The real goal that we talk about in board meetings is to make ourselves a needed and relevant counterparty to the buy-side...to be a full-service investment bank.
But we're still very cost-conscious and I'm not in any position to see what the market's going to give us in the fourth-quarter. I don't think anybody is. We will enter lines of businesses now that we believe are low-cost and have reasonable upside for us. We hired Jerry Levy, whose last job was running a fixed-income business at SAC Capital. We're not going to build a massive infrastructure. We're going to take the profits that his group delivers and reinvest them. That's the approach behind everything we do.
We had a lot of Eastern-facing businesses looking to raise Western money and float on some alternative exchange like AIM or Singapore. It was a feasible thing in the bull market, but plainly ridiculous when the bear market hit.
So there's a lot of business out there that you're passing on?
I wouldn't say passing on. I could spend all-day, every-day interviewing for a new line of business, whether it's a convertibles team or restructuring. A lot of those businesses take a lot of time to get in and despite the fact that they may be very profitable on a two- or three-year view, at the moment we're looking to add businesses that are already established and within a very short period of time, can produce returns for us.
What about M&A?
We've got a great M&A business in the U.K., Hawkpoint, and we should, over time, seek to build the same over here with their help.
Is the rest of the firm growing in kind?
I think opportunistically the whole firm is growing. London is looking to expand the business that I used to run, the cash-equities business.
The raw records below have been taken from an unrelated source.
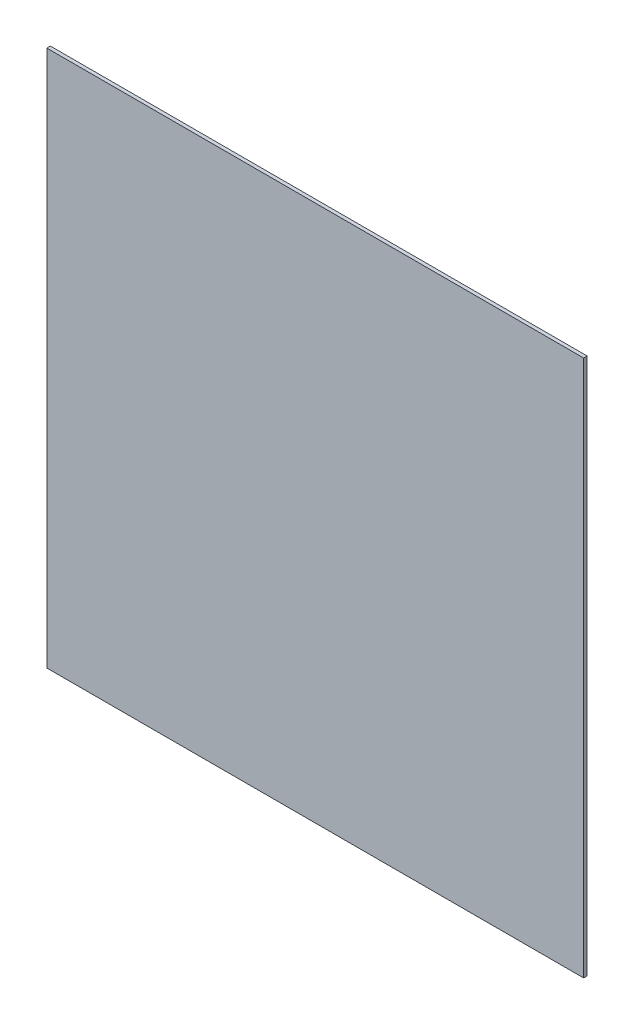
SolidWorks part; units mm, degrees
ref_plane "Спереди" through (0, 0, 0) normal (0, 0, 1) x (1, 0, 0)
ref_plane "Сверху" through (0, 0, 0) normal (0, 1, 0) x (1, 0, 0)
ref_plane "Справа" through (0, 0, 0) normal (1, 0, 0) x (0, 0, -1)
sketch "Эскиз1" plane through (0, 0, 0) normal (0, 0, 1) x (1, 0, 0)
  line L1 (-1501.9191, 1509.0509) -> (23.0809, 1509.0509)
  line L2 (-1501.9191, 1509.0509) -> (-1501.9191, -15.9491)
  line L3 (-1501.9191, -15.9491) -> (23.0809, -15.9491)
  line L4 (23.0809, 1509.0509) -> (23.0809, -15.9491)
  line L5 (-1501.9191, 1509.0509) -> (23.0809, -15.9491) construction
  line L6 (-1501.9191, -15.9491) -> (23.0809, 1509.0509) construction
  point P0 (-739.4191, 746.5509)
extrude "Бобышка-Вытянуть1" add sketch "Эскиз1" along normal blind 10
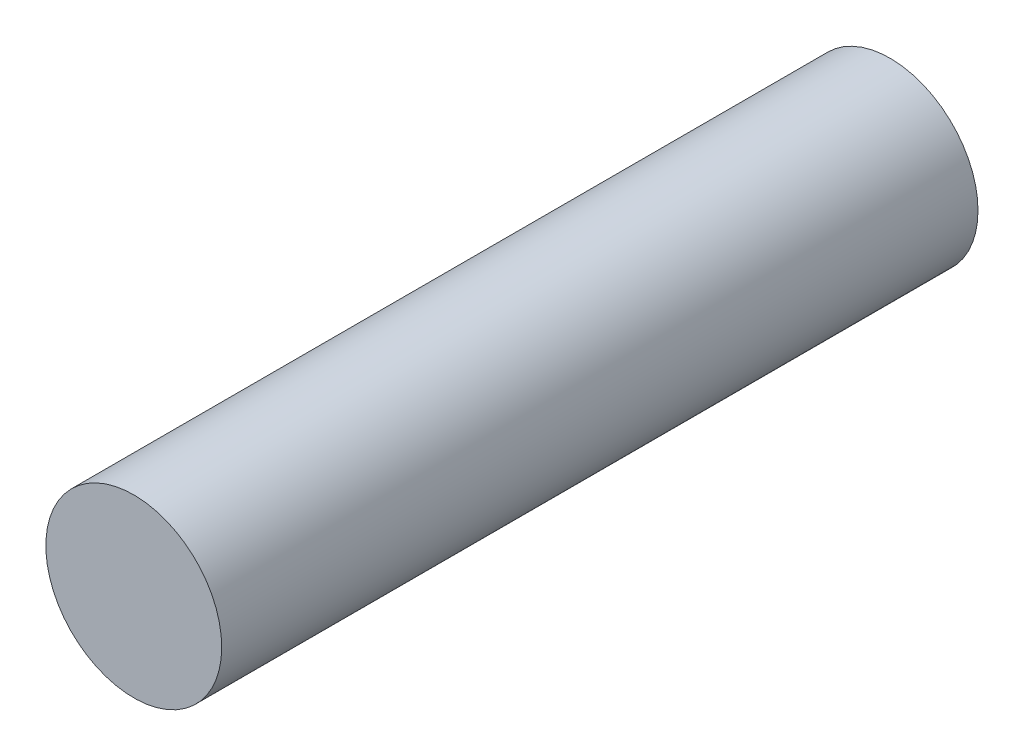
SolidWorks part; units mm, degrees
ref_plane "Front Plane" through (0, 0, 0) normal (0, 0, 1) x (1, 0, 0)
ref_plane "Top Plane" through (0, 0, 0) normal (0, 1, 0) x (1, 0, 0)
ref_plane "Right Plane" through (0, 0, 0) normal (1, 0, 0) x (0, 0, -1)
sketch "Sketch2" plane through (0, 0, 0) normal (0, 0, 1) x (1, 0, 0)
  circle A0 centre (0, 0) radius 5
extrude "Boss-Extrude1" add sketch "Sketch2" along normal blind 43
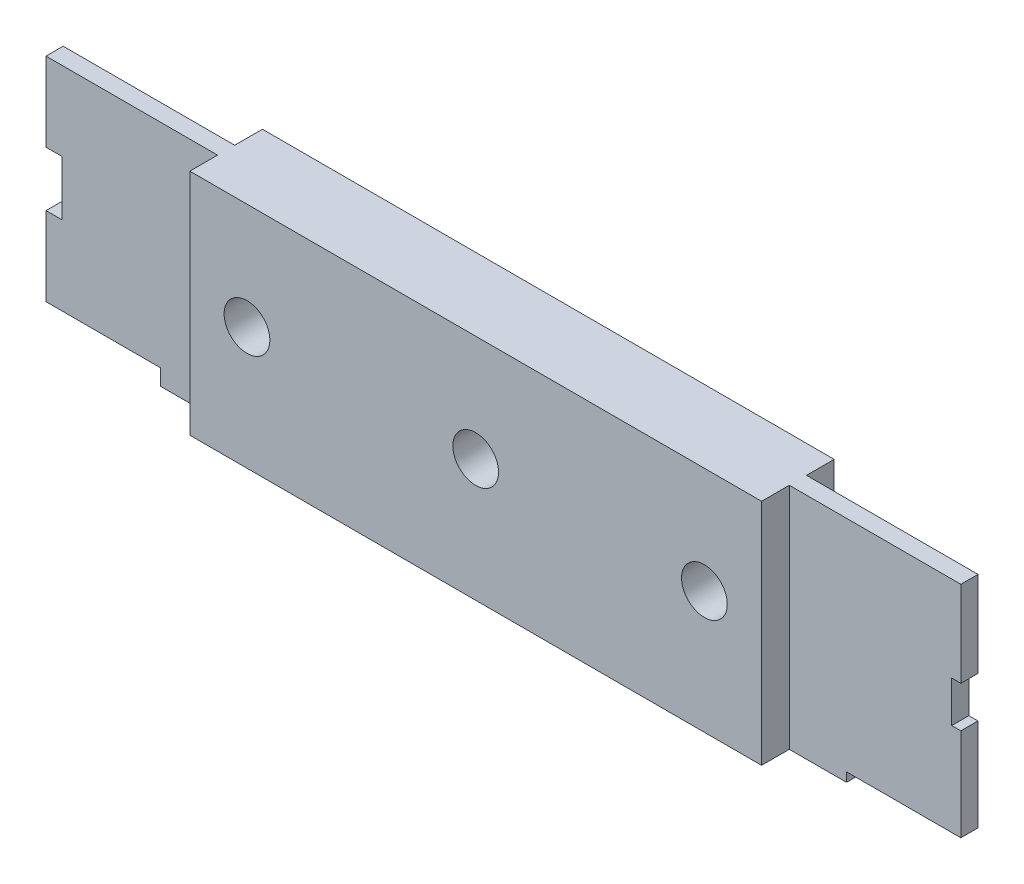
SolidWorks part; units mm, degrees
ref_plane "Alzado" through (0, 0, 0) normal (0, 0, 1) x (1, 0, 0)
ref_plane "Planta" through (0, 0, 0) normal (0, 1, 0) x (1, 0, 0)
ref_plane "Vista lateral" through (0, 0, 0) normal (1, 0, 0) x (0, 0, -1)
sketch "Croquis1" plane through (0, 0, 0) normal (0, 0, 1) x (1, 0, 0)
  line L0 (-40, 9.3) -> (40, 9.3)
  line L1 (40, 9.3) -> (40, 1.8)
  line L2 (40, 1.8) -> (39.2, 1.8)
  line L3 (39.2, 1.8) -> (39.2, -1.8)
  line L4 (39.2, -1.8) -> (40, -1.8)
  line L5 (40, -1.8) -> (40, -9.9)
  line L6 (40, -9.9) -> (30, -9.9)
  line L7 (30, -9.9) -> (30, -10.7)
  line L8 (30, -10.7) -> (-30, -10.7)
  line L9 (-30, -10.7) -> (-30, -9.3)
  line L10 (-30, -9.3) -> (-40, -9.3)
  line L11 (-40, -9.3) -> (-40, -2.4)
  line L12 (-40, -2.4) -> (-38.6, -2.4)
  line L13 (-38.6, -2.4) -> (-38.6, 2.4)
  line L14 (-38.6, 2.4) -> (-40, 2.4)
  line L15 (-40, 2.4) -> (-40, 9.3)
  line L16 (39.2, 0) -> (-38.6, 0) construction
  circle A0 centre (20, 0) radius 2
  circle A1 centre (0, 0) radius 2
  circle A2 centre (-20, 0) radius 2
  point P16 (-38.6, 0)
  point P18 (39.2, 0)
  point P19 (0, 9.3)
  dimension "D9" = 4
  dimension "D10" = 20
  dimension "D11" = 20
  dimension "D12" = 20
  dimension "D1" = 80
  dimension "D2" = 10
  dimension "D3" = 10
  dimension "D4" = 20
  dimension "D5" = 4.8
  dimension "D6" = 3.6
  dimension "D7" = 1.4
  dimension "D8" = 0.8
extrude "Saliente-Extruir1" add sketch "Croquis1" along normal mid plane 1.5
sketch "Croquis2" plane through (0, 0, 0) normal (0, 0, 1) x (1, 0, 0)
  line L0 (40, 9.3) -> (-40, 9.3) construction
  line L1 (-25, 9.3) -> (25, 9.3)
  line L2 (-25, 9.3) -> (-25, -10.7)
  line L3 (-25, -10.7) -> (25, -10.7)
  line L4 (25, 9.3) -> (25, -10.7)
  line L5 (-30, -10.7) -> (30, -10.7) construction
  line L6 (-40, 9.3) -> (-40, 2.4) construction
  line L7 (40, 1.8) -> (40, 9.3) construction
  circle A0 centre (-20, 0) radius 2
  circle A1 centre (0, 0) radius 2
  circle A2 centre (20, 0) radius 2
  dimension "D1" = 15
  dimension "D2" = 15
extrude "Saliente-Extruir2" add sketch "Croquis2" along normal mid plane 6.35

They are certainly expanding what they call corporate-brokering, what we refer to as an ECM business. The level of talent available at the moment is great and it's a finite window for us.
You see a lot of European banks expanding in the U.S. right now. Do you put yourself in that group?
It's a different situation in that we're not a European management team over here trying to hire Americans. You've got an established equity business here, which is all Americans looking to grow it. And we make money, which is the difference between what we've got and a startup.